Colossus expects mass in M_sun/h and returns dn/dlnM in (h/Mpc)^3. To convert between physical and comoving units: - Mass: M [M_sun/h] = M [M_sun] * h (factor out h by multiplying) - HMF: dn/dlnM [Mpc^-3] = dn/dlnM [(h/Mpc)^3] * h^3 (evaluate h)

UV luminosity and dust attenuation functions.

halogal.luminosity.MUV_from_SFR(sfr, z, add_dust=True, c_uv=None, convergence_threshold=0.02)[source]

Convert star formation rate to UV absolute magnitude.

Parameters:
  • sfr (float or array_like) – Star formation rate in M_sun/yr

  • z (float) – Redshift

  • add_dust (bool, optional) – Whether to add dust attenuation. Default is True.

  • c_uv (float, optional) – SFR to UV luminosity conversion factor. Default is Salpeter IMF value from config.

  • convergence_threshold (float, optional) – Convergence criterion for dust iteration. Default is 0.02 (2%).

Returns:

MUV_obs – Observed UV absolute magnitude (with dust if add_dust=True)

Return type:

float or ndarray

Notes

Dust attenuation is added iteratively until convergence because the MUV-beta relation is calibrated on observations.

halogal.luminosity.SFR_from_MUV(MUV, z, remove_dust=True, c_uv=None)[source]

Convert UV absolute magnitude to star formation rate.

Parameters:
  • MUV (float or array_like) – UV absolute magnitude

  • z (float) – Redshift

  • remove_dust (bool, optional) – Whether to remove dust attenuation. Default is True.

  • c_uv (float, optional) – SFR to UV luminosity conversion factor.

Returns:

sfr – Star formation rate in M_sun/yr

Return type:

float or ndarray

halogal.luminosity.beta_color(z, MUV)[source]

UV spectral slope (beta) as a function of redshift and magnitude.

Based on Bouwens+2013-14 data.

Parameters:
  • z (float or array_like) – Redshift

  • MUV (float or array_like) – UV absolute magnitude

Returns:

beta – UV spectral slope

Return type:

float or ndarray

References

Bouwens et al. 2013, 2014

halogal.luminosity.dust_attenuation(z, MUV, high_z_dust=True, C0=None, C1=None)[source]

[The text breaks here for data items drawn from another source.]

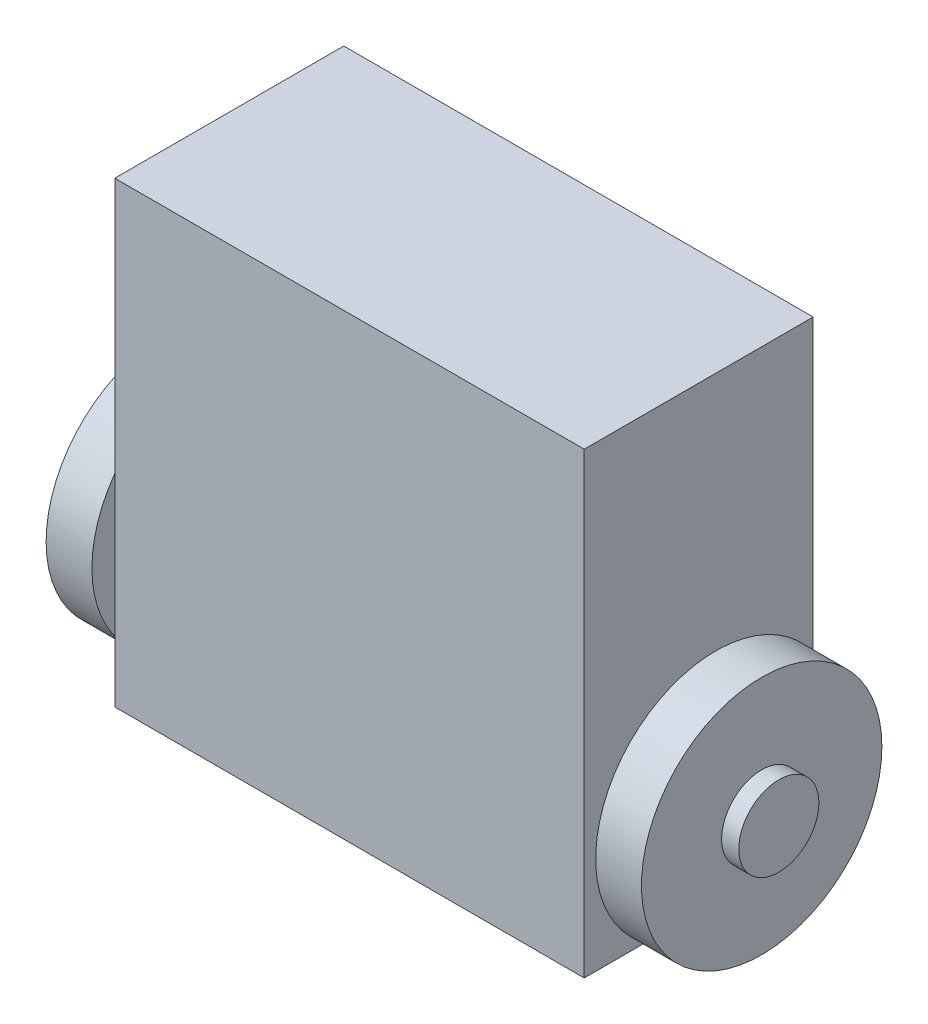
ISO-10303-21;
HEADER;
FILE_DESCRIPTION(('STEP AP214'),'2;1');
FILE_NAME('part.step','',(''),(''),'','','');
FILE_SCHEMA(('AUTOMOTIVE_DESIGN { 1 0 10303 214 1 1 1 1 }'));
ENDSEC;
DATA;
#1=APPLICATION_CONTEXT('core data for automotive mechanical design processes');
#2=APPLICATION_PROTOCOL_DEFINITION('international standard','automotive_design',2000,#1);
#3=PRODUCT_CONTEXT('',#1,'mechanical');
#4=PRODUCT('Part','Part','',(#3));
#5=PRODUCT_RELATED_PRODUCT_CATEGORY('part','',(#4));
#6=PRODUCT_DEFINITION_FORMATION('','',#4);
#7=PRODUCT_DEFINITION_CONTEXT('part definition',#1,'design');
#8=PRODUCT_DEFINITION('design','',#6,#7);
#9=PRODUCT_DEFINITION_SHAPE('','',#8);
#10=(LENGTH_UNIT() NAMED_UNIT(*) SI_UNIT(.MILLI.,.METRE.));
#11=(NAMED_UNIT(*) PLANE_ANGLE_UNIT() SI_UNIT($,.RADIAN.));
#12=(NAMED_UNIT(*) SI_UNIT($,.STERADIAN.) SOLID_ANGLE_UNIT());
#13=UNCERTAINTY_MEASURE_WITH_UNIT(LENGTH_MEASURE(1.E-05),#10,'distance_accuracy_value','');
#14=(GEOMETRIC_REPRESENTATION_CONTEXT(3) GLOBAL_UNCERTAINTY_ASSIGNED_CONTEXT((#13)) GLOBAL_UNIT_ASSIGNED_CONTEXT((#10,
#11,#12)) REPRESENTATION_CONTEXT('',''));
#15=CARTESIAN_POINT('',(0.,0.,0.));
#16=DIRECTION('',(0.,0.,1.));
#17=DIRECTION('',(1.,0.,0.));
#18=AXIS2_PLACEMENT_3D('',#15,#16,#17);
#19=CARTESIAN_POINT('',(20.5,-20.,20.));
#20=DIRECTION('',(-1.,0.,0.));
#21=DIRECTION('',(0.,0.,1.));
#22=AXIS2_PLACEMENT_3D('',#19,#20,#21);
#23=PLANE('',#22);
#24=CARTESIAN_POINT('',(20.5,-10.,10.));
#25=DIRECTION('',(-1.,0.,0.));
#26=DIRECTION('',(0.,0.,1.));
#27=AXIS2_PLACEMENT_3D('',#24,#25,#26);
#28=CIRCLE('',#27,3.5);
#29=CARTESIAN_POINT('',(20.5,-10.,13.5));
#30=VERTEX_POINT('',#29);
#31=EDGE_CURVE('E44',#30,#30,#28,.F.);
#32=ORIENTED_EDGE('',*,*,#31,.F.);
#33=EDGE_LOOP('',(#32));
#34=FACE_BOUND('',#33,.T.);
#35=DIRECTION('',(0.,1.,0.));
#36=VECTOR('',#35,1.);
#37=CARTESIAN_POINT('',(20.5,-20.,0.));
#38=LINE('',#37,#36);
#39=CARTESIAN_POINT('',(20.5,-20.,0.));
#40=VERTEX_POINT('',#39);
#41=CARTESIAN_POINT('',(20.5,20.,0.));
#42=VERTEX_POINT('',#41);
#43=EDGE_CURVE('E103',#40,#42,#38,.T.);
#44=ORIENTED_EDGE('',*,*,#43,.T.);
#45=DIRECTION('',(0.,0.,-1.));
#46=VECTOR('',#45,1.);
#47=CARTESIAN_POINT('',(20.5,20.,20.));
#48=LINE('',#47,#46);
#49=CARTESIAN_POINT('',(20.5,20.,20.));
#50=VERTEX_POINT('',#49);
#51=EDGE_CURVE('E94',#50,#42,#48,.T.);
#52=ORIENTED_EDGE('',*,*,#51,.F.);
#53=DIRECTION('',(0.,1.,0.));
#54=VECTOR('',#53,1.);
#55=CARTESIAN_POINT('',(20.5,-20.,20.));
#56=LINE('',#55,#54);
#57=CARTESIAN_POINT('',(20.5,-20.,20.));
#58=VERTEX_POINT('',#57);
#59=EDGE_CURVE('E88',#58,#50,#56,.T.);
#60=ORIENTED_EDGE('',*,*,#59,.F.);
#61=DIRECTION('',(0.,0.,-1.));
#62=VECTOR('',#61,1.);
#63=CARTESIAN_POINT('',(20.5,-20.,20.));
#64=LINE('',#63,#62);
#65=EDGE_CURVE('E99',#58,#40,#64,.T.);
#66=ORIENTED_EDGE('',*,*,#65,.T.);
#67=EDGE_LOOP('',(#44,#52,#60,#66));
#68=FACE_BOUND('',#67,.T.);
#69=ADVANCED_FACE('F36',(#34,#68),#23,.F.);
#70=CARTESIAN_POINT('',(-20.5,20.,20.));
#71=DIRECTION('',(0.,-1.,0.));
#72=DIRECTION('',(0.,0.,-1.));
#73=AXIS2_PLACEMENT_3D('',#70,#71,#72);
#74=PLANE('',#73);
#75=DIRECTION('',(-1.,0.,0.));
#76=VECTOR('',#75,1.);
#77=CARTESIAN_POINT('',(-20.5,20.,0.));
#78=LINE('',#77,#76);
#79=CARTESIAN_POINT('',(-20.5,20.,0.));
#80=VERTEX_POINT('',#79);
#81=EDGE_CURVE('E93',#42,#80,#78,.T.);
#82=ORIENTED_EDGE('',*,*,#81,.T.);
#83=DIRECTION('',(0.,0.,-1.));
#84=VECTOR('',#83,1.);
#85=CARTESIAN_POINT('',(-20.5,20.,20.));
#86=LINE('',#85,#84);
#87=CARTESIAN_POINT('',(-20.5,20.,20.));
#88=VERTEX_POINT('',#87);
#89=EDGE_CURVE('E91',#88,#80,#86,.T.);
#90=ORIENTED_EDGE('',*,*,#89,.F.);
#91=DIRECTION('',(-1.,0.,0.));
#92=VECTOR('',#91,1.);
#93=CARTESIAN_POINT('',(-20.5,20.,20.));
#94=LINE('',#93,#92);
#95=EDGE_CURVE('E83',#50,#88,#94,.T.);
#96=ORIENTED_EDGE('',*,*,#95,.F.);
#97=ORIENTED_EDGE('',*,*,#51,.T.);
#98=EDGE_LOOP('',(#82,#90,#96,#97));
#99=FACE_BOUND('',#98,.T.);
#100=ADVANCED_FACE('F92',(#99),#74,.F.);
#101=CARTESIAN_POINT('',(-20.5,-20.,20.));
#102=DIRECTION('',(1.,0.,0.));
#103=DIRECTION('',(0.,0.,-1.));
#104=AXIS2_PLACEMENT_3D('',#101,#102,#103);
#105=PLANE('',#104);
#106=CARTESIAN_POINT('',(-20.5,-10.,10.));
#107=DIRECTION('',(1.,0.,0.));
#108=DIRECTION('',(0.,0.,-1.));
#109=AXIS2_PLACEMENT_3D('',#106,#107,#108);
#110=CIRCLE('',#109,3.5);
#111=CARTESIAN_POINT('',(-20.5,-10.,6.5));
#112=VERTEX_POINT('',#111);
#113=EDGE_CURVE('E11',#112,#112,#110,.F.);
#114=ORIENTED_EDGE('',*,*,#113,.F.);
#115=EDGE_LOOP('',(#114));
#116=FACE_BOUND('',#115,.T.);
#117=DIRECTION('',(0.,-1.,0.));
#118=VECTOR('',#117,1.);
#119=CARTESIAN_POINT('',(-20.5,-20.,0.));
#120=LINE('',#119,#118);
#121=CARTESIAN_POINT('',(-20.5,-20.,0.));
#122=VERTEX_POINT('',#121);
#123=EDGE_CURVE('E69',#80,#122,#120,.T.);
#124=ORIENTED_EDGE('',*,*,#123,.T.);
#125=DIRECTION('',(0.,0.,-1.));
#126=VECTOR('',#125,1.);
#127=CARTESIAN_POINT('',(-20.5,-20.,20.));
#128=LINE('',#127,#126);
#129=CARTESIAN_POINT('',(-20.5,-20.,20.));
#130=VERTEX_POINT('',#129);
#131=EDGE_CURVE('E95',#130,#122,#128,.T.);
#132=ORIENTED_EDGE('',*,*,#131,.F.);
#133=DIRECTION('',(0.,-1.,0.));
#134=VECTOR('',#133,1.);
#135=CARTESIAN_POINT('',(-20.5,-20.,20.));
#136=LINE('',#135,#134);
#137=EDGE_CURVE('E86',#88,#130,#136,.T.);
#138=ORIENTED_EDGE('',*,*,#137,.F.);
#139=ORIENTED_EDGE('',*,*,#89,.T.);
#140=EDGE_LOOP('',(#124,#132,#138,#139));
#141=FACE_BOUND('',#140,.T.);
#142=ADVANCED_FACE('F97',(#116,#141),#105,.F.);
#143=CARTESIAN_POINT('',(-20.5,-20.,20.));
#144=DIRECTION('',(0.,1.,0.));
#145=DIRECTION('',(0.,0.,1.));
#146=AXIS2_PLACEMENT_3D('',#143,#144,#145);
#147=PLANE('',#146);
#148=DIRECTION('',(1.,0.,0.));
#149=VECTOR('',#148,1.);
#150=CARTESIAN_POINT('',(-20.5,-20.,0.));
#151=LINE('',#150,#149);
#152=EDGE_CURVE('E75',#122,#40,#151,.T.);
#153=ORIENTED_EDGE('',*,*,#152,.T.);
#154=ORIENTED_EDGE('',*,*,#65,.F.);
#155=DIRECTION('',(1.,0.,0.));
#156=VECTOR('',#155,1.);
#157=CARTESIAN_POINT('',(-20.5,-20.,20.));
#158=LINE('',#157,#156);
#159=EDGE_CURVE('E52',#130,#58,#158,.T.);
#160=ORIENTED_EDGE('',*,*,#159,.F.);
#161=ORIENTED_EDGE('',*,*,#131,.T.);
#162=EDGE_LOOP('',(#153,#154,#160,#161));
#163=FACE_BOUND('',#162,.T.);
#164=ADVANCED_FACE('F131',(#163),#147,.F.);
#165=CARTESIAN_POINT('',(0.,0.,20.));
#166=DIRECTION('',(0.,0.,-1.));
#167=DIRECTION('',(-1.,0.,0.));
#168=AXIS2_PLACEMENT_3D('',#165,#166,#167);
#169=PLANE('',#168);
#170=ORIENTED_EDGE('',*,*,#59,.T.);
#171=ORIENTED_EDGE('',*,*,#95,.T.);
#172=ORIENTED_EDGE('',*,*,#137,.T.);
#173=ORIENTED_EDGE('',*,*,#159,.T.);
#174=EDGE_LOOP('',(#170,#171,#172,#173));
#175=FACE_BOUND('',#174,.T.);
#176=ADVANCED_FACE('F84',(#175),#169,.F.);
#177=CARTESIAN_POINT('',(0.,0.,0.));
#178=DIRECTION('',(0.,0.,-1.));
#179=DIRECTION('',(-1.,0.,0.));
#180=AXIS2_PLACEMENT_3D('',#177,#178,#179);
#181=PLANE('',#180);
#182=ORIENTED_EDGE('',*,*,#43,.F.);
#183=ORIENTED_EDGE('',*,*,#152,.F.);
#184=ORIENTED_EDGE('',*,*,#123,.F.);
#185=ORIENTED_EDGE('',*,*,#81,.F.);
#186=EDGE_LOOP('',(#182,#183,#184,#185));
#187=FACE_BOUND('',#186,.T.);
#188=ADVANCED_FACE('F121',(#187),#181,.T.);
#189=CARTESIAN_POINT('',(22.,-10.,10.));
#190=DIRECTION('',(-1.,0.,0.));
#191=DIRECTION('',(0.,0.,1.));
#192=AXIS2_PLACEMENT_3D('',#189,#190,#191);
#193=CYLINDRICAL_SURFACE('',#192,3.5);
#194=CARTESIAN_POINT('',(22.,-10.,10.));
#195=DIRECTION('',(1.,0.,0.));
#196=DIRECTION('',(0.,0.,-1.));
#197=AXIS2_PLACEMENT_3D('',#194,#195,#196);
#198=CIRCLE('',#197,3.5);
#199=CARTESIAN_POINT('',(22.,-10.,6.5));
#200=VERTEX_POINT('',#199);
#201=EDGE_CURVE('E106',#200,#200,#198,.T.);
#202=ORIENTED_EDGE('',*,*,#201,.F.);
#203=EDGE_LOOP('',(#202));
#204=FACE_BOUND('',#203,.T.);
#205=ORIENTED_EDGE('',*,*,#31,.T.);
#206=EDGE_LOOP('',(#205));
#207=FACE_BOUND('',#206,.T.);
#208=ADVANCED_FACE('F115',(#204,#207),#193,.T.);
#209=CARTESIAN_POINT('',(-22.,-10.,10.));
#210=DIRECTION('',(1.,0.,0.));
#211=DIRECTION('',(0.,0.,-1.));
#212=AXIS2_PLACEMENT_3D('',#209,#210,#211);
#213=CYLINDRICAL_SURFACE('',#212,3.5);
#214=CARTESIAN_POINT('',(-22.,-10.,10.));
#215=DIRECTION('',(-1.,0.,0.));
#216=DIRECTION('',(0.,0.,1.));
#217=AXIS2_PLACEMENT_3D('',#214,#215,#216);
#218=CIRCLE('',#217,3.5);
#219=CARTESIAN_POINT('',(-22.,-10.,13.5));
#220=VERTEX_POINT('',#219);
#221=EDGE_CURVE('E306',#220,#220,#218,.T.);
#222=ORIENTED_EDGE('',*,*,#221,.F.);
#223=EDGE_LOOP('',(#222));
#224=FACE_BOUND('',#223,.T.);
#225=ORIENTED_EDGE('',*,*,#113,.T.);
#226=EDGE_LOOP('',(#225));
#227=FACE_BOUND('',#226,.T.);
#228=ADVANCED_FACE('F128',(#224,#227),#213,.T.);
#229=CARTESIAN_POINT('',(26.,-10.,10.));
#230=DIRECTION('',(-1.,0.,0.));
#231=DIRECTION('',(0.,0.,1.));
#232=AXIS2_PLACEMENT_3D('',#229,#230,#231);
#233=CYLINDRICAL_SURFACE('',#232,10.5);
#234=CARTESIAN_POINT('',(26.,-10.,10.));
#235=DIRECTION('',(1.,0.,0.));
#236=DIRECTION('',(0.,0.,-1.));
#237=AXIS2_PLACEMENT_3D('',#234,#235,#236);
#238=CIRCLE('',#237,10.5);
#239=CARTESIAN_POINT('',(26.,-10.,-0.5));
#240=VERTEX_POINT('',#239);
#241=EDGE_CURVE('E303',#240,#240,#238,.T.);
#242=ORIENTED_EDGE('',*,*,#241,.F.);
#243=EDGE_LOOP('',(#242));
#244=FACE_BOUND('',#243,.T.);
#245=CARTESIAN_POINT('',(22.,-10.,10.));
#246=DIRECTION('',(1.,0.,0.));
#247=DIRECTION('',(0.,0.,-1.));
#248=AXIS2_PLACEMENT_3D('',#245,#246,#247);
#249=CIRCLE('',#248,10.5);
#250=CARTESIAN_POINT('',(22.,-10.,-0.5));
#251=VERTEX_POINT('',#250);
#252=EDGE_CURVE('E300',#251,#251,#249,.T.);
#253=ORIENTED_EDGE('',*,*,#252,.T.);
#254=EDGE_LOOP('',(#253));
#255=FACE_BOUND('',#254,.T.);
#256=ADVANCED_FACE('F178',(#244,#255),#233,.T.);
#257=CARTESIAN_POINT('',(26.,-10.,10.));
#258=DIRECTION('',(1.,0.,0.));
#259=DIRECTION('',(0.,0.,-1.));
#260=AXIS2_PLACEMENT_3D('',#257,#258,#259);
#261=PLANE('',#260);
#262=CARTESIAN_POINT('',(26.,-10.,10.));
#263=DIRECTION('',(1.,0.,0.));
#264=DIRECTION('',(0.,0.,-1.));
#265=AXIS2_PLACEMENT_3D('',#262,#263,#264);
#266=CIRCLE('',#265,3.5);
#267=CARTESIAN_POINT('',(26.,-10.,6.5));
#268=VERTEX_POINT('',#267);
#269=EDGE_CURVE('E286',#268,#268,#266,.T.);
#270=ORIENTED_EDGE('',*,*,#269,.F.);
#271=EDGE_LOOP('',(#270));
#272=FACE_BOUND('',#271,.T.);
#273=ORIENTED_EDGE('',*,*,#241,.T.);
#274=EDGE_LOOP('',(#273));
#275=FACE_BOUND('',#274,.T.);
#276=ADVANCED_FACE('F185',(#272,#275),#261,.T.);
#277=CARTESIAN_POINT('',(22.,-10.,10.));
#278=DIRECTION('',(1.,0.,0.));
#279=DIRECTION('',(0.,0.,-1.));
#280=AXIS2_PLACEMENT_3D('',#277,#278,#279);
#281=PLANE('',#280);
#282=ORIENTED_EDGE('',*,*,#201,.T.);
#283=EDGE_LOOP('',(#282));
#284=FACE_BOUND('',#283,.T.);
#285=ORIENTED_EDGE('',*,*,#252,.F.);
#286=EDGE_LOOP('',(#285));
#287=FACE_BOUND('',#286,.T.);
#288=ADVANCED_FACE('F194',(#284,#287),#281,.F.);
#289=CARTESIAN_POINT('',(-26.,-10.,10.));
#290=DIRECTION('',(1.,0.,0.));
#291=DIRECTION('',(0.,0.,-1.));
#292=AXIS2_PLACEMENT_3D('',#289,#290,#291);
#293=CYLINDRICAL_SURFACE('',#292,10.5);
#294=CARTESIAN_POINT('',(-26.,-10.,10.));
#295=DIRECTION('',(-1.,0.,0.));
#296=DIRECTION('',(0.,0.,1.));
#297=AXIS2_PLACEMENT_3D('',#294,#295,#296);
#298=CIRCLE('',#297,10.5);
#299=CARTESIAN_POINT('',(-26.,-10.,20.5));
#300=VERTEX_POINT('',#299);
#301=EDGE_CURVE('E297',#300,#300,#298,.T.);
#302=ORIENTED_EDGE('',*,*,#301,.F.);
#303=EDGE_LOOP('',(#302));
#304=FACE_BOUND('',#303,.T.);
#305=CARTESIAN_POINT('',(-22.,-10.,10.));
#306=DIRECTION('',(-1.,0.,0.));
#307=DIRECTION('',(0.,0.,1.));
#308=AXIS2_PLACEMENT_3D('',#305,#306,#307);
#309=CIRCLE('',#308,10.5);
#310=CARTESIAN_POINT('',(-22.,-10.,20.5));
#311=VERTEX_POINT('',#310);
#312=EDGE_CURVE('E295',#311,#311,#309,.T.);
#313=ORIENTED_EDGE('',*,*,#312,.T.);
#314=EDGE_LOOP('',(#313));
#315=FACE_BOUND('',#314,.T.);
#316=ADVANCED_FACE('F203',(#304,#315),#293,.T.);
#317=CARTESIAN_POINT('',(-26.,-10.,10.));
#318=DIRECTION('',(-1.,0.,0.));
#319=DIRECTION('',(0.,0.,1.));
#320=AXIS2_PLACEMENT_3D('',#317,#318,#319);
#321=PLANE('',#320);
#322=CARTESIAN_POINT('',(-26.,-10.,10.));
#323=DIRECTION('',(-1.,0.,0.));
#324=DIRECTION('',(0.,0.,1.));
#325=AXIS2_PLACEMENT_3D('',#322,#323,#324);
#326=CIRCLE('',#325,3.5);
#327=CARTESIAN_POINT('',(-26.,-10.,13.5));
#328=VERTEX_POINT('',#327);
#329=EDGE_CURVE('E285',#328,#328,#326,.T.);
#330=ORIENTED_EDGE('',*,*,#329,.F.);
#331=EDGE_LOOP('',(#330));
#332=FACE_BOUND('',#331,.T.);
#333=ORIENTED_EDGE('',*,*,#301,.T.);
#334=EDGE_LOOP('',(#333));
#335=FACE_BOUND('',#334,.T.);
#336=ADVANCED_FACE('F211',(#332,#335),#321,.T.);
#337=CARTESIAN_POINT('',(-22.,-10.,10.));
#338=DIRECTION('',(-1.,0.,0.));
#339=DIRECTION('',(0.,0.,1.));
#340=AXIS2_PLACEMENT_3D('',#337,#338,#339);
#341=PLANE('',#340);
#342=ORIENTED_EDGE('',*,*,#221,.T.);
#343=EDGE_LOOP('',(#342));
#344=FACE_BOUND('',#343,.T.);
#345=ORIENTED_EDGE('',*,*,#312,.F.);
#346=EDGE_LOOP('',(#345));
#347=FACE_BOUND('',#346,.T.);
#348=ADVANCED_FACE('F220',(#344,#347),#341,.F.);
#349=CARTESIAN_POINT('',(-27.5,-10.,10.));
#350=DIRECTION('',(1.,0.,0.));
#351=DIRECTION('',(0.,0.,-1.));
#352=AXIS2_PLACEMENT_3D('',#349,#350,#351);
#353=CYLINDRICAL_SURFACE('',#352,3.5);
#354=CARTESIAN_POINT('',(-27.5,-10.,10.));
#355=DIRECTION('',(-1.,0.,0.));
#356=DIRECTION('',(0.,0.,1.));
#357=AXIS2_PLACEMENT_3D('',#354,#355,#356);
#358=CIRCLE('',#357,3.5);
#359=CARTESIAN_POINT('',(-27.5,-10.,13.5));
#360=VERTEX_POINT('',#359);
#361=EDGE_CURVE('E289',#360,#360,#358,.T.);
#362=ORIENTED_EDGE('',*,*,#361,.F.);
#363=EDGE_LOOP('',(#362));
#364=FACE_BOUND('',#363,.T.);
#365=ORIENTED_EDGE('',*,*,#329,.T.);
#366=EDGE_LOOP('',(#365));
#367=FACE_BOUND('',#366,.T.);
#368=ADVANCED_FACE('F228',(#364,#367),#353,.T.);
#369=CARTESIAN_POINT('',(-27.5,-10.,10.));
#370=DIRECTION('',(-1.,0.,0.));
#371=DIRECTION('',(0.,0.,1.));
#372=AXIS2_PLACEMENT_3D('',#369,#370,#371);
#373=PLANE('',#372);
#374=ORIENTED_EDGE('',*,*,#361,.T.);
#375=EDGE_LOOP('',(#374));
#376=FACE_BOUND('',#375,.T.);
#377=ADVANCED_FACE('F235',(#376),#373,.T.);
#378=CARTESIAN_POINT('',(27.5,-10.,10.));
#379=DIRECTION('',(-1.,0.,0.));
#380=DIRECTION('',(0.,0.,1.));
#381=AXIS2_PLACEMENT_3D('',#378,#379,#380);
#382=CYLINDRICAL_SURFACE('',#381,3.5);
#383=CARTESIAN_POINT('',(27.5,-10.,10.));
#384=DIRECTION('',(1.,0.,0.));
#385=DIRECTION('',(0.,0.,-1.));
#386=AXIS2_PLACEMENT_3D('',#383,#384,#385);
#387=CIRCLE('',#386,3.5);
#388=CARTESIAN_POINT('',(27.5,-10.,6.5));
#389=VERTEX_POINT('',#388);
#390=EDGE_CURVE('E284',#389,#389,#387,.T.);
#391=ORIENTED_EDGE('',*,*,#390,.F.);
#392=EDGE_LOOP('',(#391));
#393=FACE_BOUND('',#392,.T.);
#394=ORIENTED_EDGE('',*,*,#269,.T.);
#395=EDGE_LOOP('',(#394));
#396=FACE_BOUND('',#395,.T.);
#397=ADVANCED_FACE('F242',(#393,#396),#382,.T.);
#398=CARTESIAN_POINT('',(27.5,-10.,10.));
#399=DIRECTION('',(1.,0.,0.));
#400=DIRECTION('',(0.,0.,-1.));
#401=AXIS2_PLACEMENT_3D('',#398,#399,#400);
#402=PLANE('',#401);
#403=ORIENTED_EDGE('',*,*,#390,.T.);
#404=EDGE_LOOP('',(#403));
#405=FACE_BOUND('',#404,.T.);
#406=ADVANCED_FACE('F249',(#405),#402,.T.);
#407=CLOSED_SHELL('',(#69,#100,#142,#164,#176,#188,#208,#228,#256,#276,#288,#316,#336,#348,#368,
#377,#397,#406));
#408=MANIFOLD_SOLID_BREP('B2',#407);
#409=ADVANCED_BREP_SHAPE_REPRESENTATION('',(#18,#408),#14);
#410=SHAPE_DEFINITION_REPRESENTATION(#9,#409);
ENDSEC;
END-ISO-10303-21;

UV dust attenuation as a function of redshift and magnitude.

Parameters:
  • z (float or array_like) – Redshift

  • MUV (float or array_like) – UV absolute magnitude (observed)

  • high_z_dust (bool, optional) – Whether to include dust at z > 8. Default is True.

  • C0 (float, optional) – Attenuation constant. Default from config.

  • C1 (float, optional) – Attenuation slope. Default from config.

Returns:

A_UV – UV dust attenuation in magnitudes

Return type:

float or ndarray

Notes

This should be applied iteratively since the MUV-beta relation is calibrated on observations, not intrinsic magnitudes.